§ Exercise instructions: Note how many lines of the data below hold the word "continued", then give that number with no other text.

§ Provided data:
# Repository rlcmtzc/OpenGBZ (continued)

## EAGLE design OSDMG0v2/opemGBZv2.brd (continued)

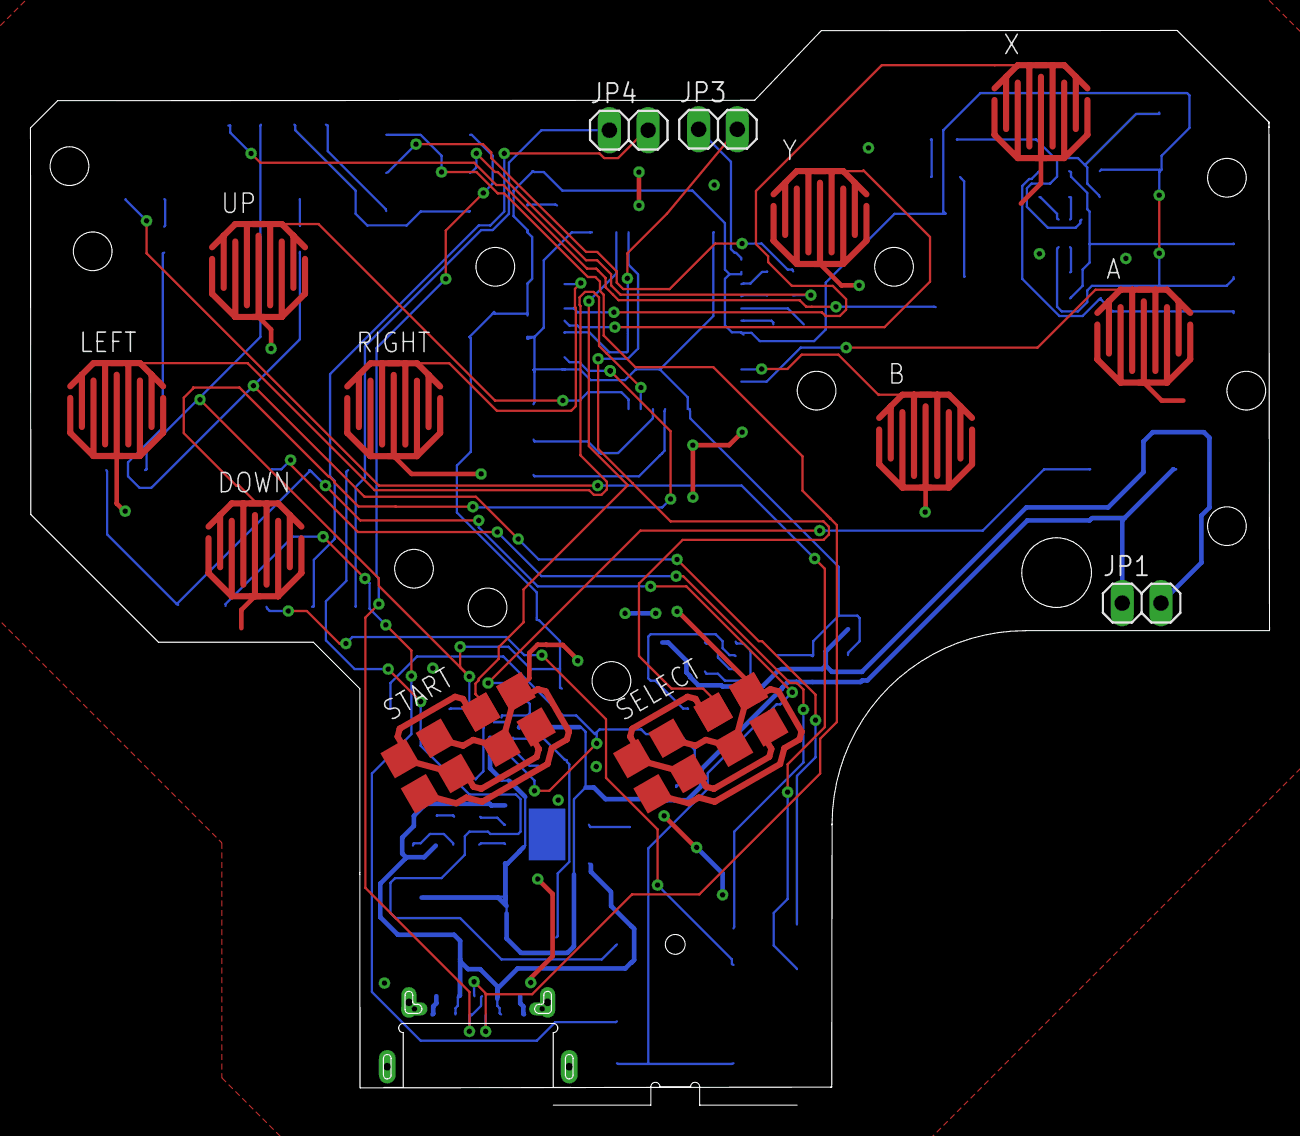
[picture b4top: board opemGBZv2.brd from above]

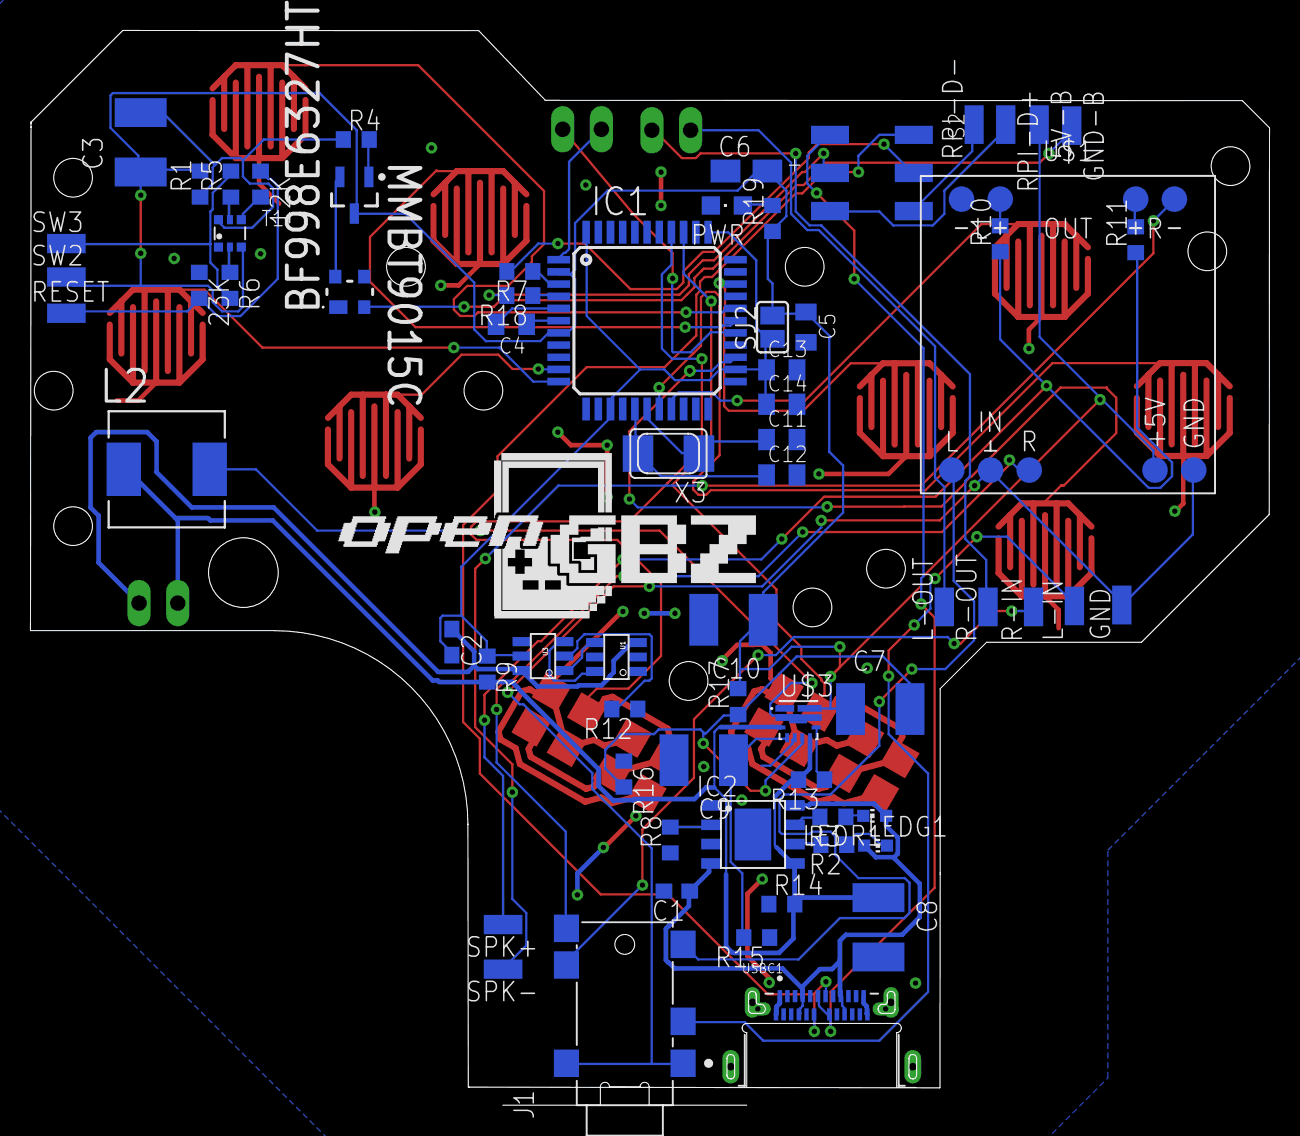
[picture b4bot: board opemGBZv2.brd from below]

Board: 2 copper layers, 81.3 x 70.5 mm, 80 parts (67 on the bottom side), 62 nets.

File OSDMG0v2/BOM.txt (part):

Bauteil         Wert               Device             Package                   Description                                                           
5V-B                               WIREPADSMD1,27-254 SMD1,27-2,54              Wire PAD connect wire on PCB                                          
12K             205k               R-EU_R0603         R0603                     RESISTOR, European symbol                                             
23K             205k               R-EU_R0603         R0603                     RESISTOR, European symbol                                             
A               DMG-BTN            DMG-BTNREGULAR     DMG-BTN                                                                                         
B               DMG-BTN            DMG-BTNREGULAR     DMG-BTN                                                                                         
BF998E6327HTSA1 INF-SOT143-4-1_V_1 INF-SOT143-4-1_V_1 INF-SOT143-4-1_V_1PRIMARY                                                                       
C1              10u                C-EUC0603          C0603                     CAPACITOR, European symbol                                            
C2              0.1uF              C-EUC0603          C0603                     CAPACITOR, European symbol                                            
C3              100uF              C-EUC1812          C1812                     CAPACITOR, European symbol                                            
C4              0.1uF              C-USC0805K         C0805K                    CAPACITOR, American symbol                                            
C5              0.1uF              C-USC0805K         C0805K                    CAPACITOR, American symbol                                            
C6              10uF               CPOL-USA/3216-18R  A/3216-18R                POLARIZED CAPACITOR, American symbol                                  
C7              10pF               C-EUC1812          C1812                     CAPACITOR, European symbol                                            
C8              10uF               C-EUC1812          C1812                     CAPACITOR, European symbol                                            
C9              10nF               C-EUC1812          C1812                     CAPACITOR, European symbol                                            
C10             33uF               C-EUC1812          C1812                     CAPACITOR, European symbol                                            
C11             18pF               C-USC0805K         C0805K                    CAPACITOR, American symbol                                            
C12             18pF               C-USC0805K         C0805K                    CAPACITOR, American symbol                                            
C13             0.1uF              C-USC0805K         C0805K                    CAPACITOR, American symbol                                            
C14             0.1uF              C-USC0805K         C0805K                    CAPACITOR, American symbol                                            
DOWN            DMG-BTN            DMG-BTNREGULAR     DMG-BTN                                                                                         
GND                                WIREPADSMD1,27-254 SMD1,27-2,54              Wire PAD connect wire on PCB                                          
GND-B                              WIREPADSMD1,27-254 SMD1,27-2,54              Wire PAD connect wire on PCB                                          
IC1             ATMEGA32U4-AU      ATMEGA32U4-AU      TQFP44                                                                                          
IC2             TP4056             TP4056             SOP-8                                                                                           
J1              SJ2-35954D-SMT-TR  SJ2-35954D-SMT-TR  CUI_SJ2-35954D-SMT-TR     4 conductors, 3.5mm, SMT Audio Jack w/ 2 Switch                       
JP1                                PINHD-1X2          1X02                      PIN HEADER                                                            
JP3                                PINHD-1X2          1X02                      PIN HEADER                                                            
JP4                                PINHD-1X2          1X02                      PIN HEADER                                                            
L-IN                               WIREPADSMD1,27-254 SMD1,27-2,54              Wire PAD connect wire on PCB                                          
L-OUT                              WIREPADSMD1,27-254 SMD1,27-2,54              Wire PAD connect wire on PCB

§ Reply: 2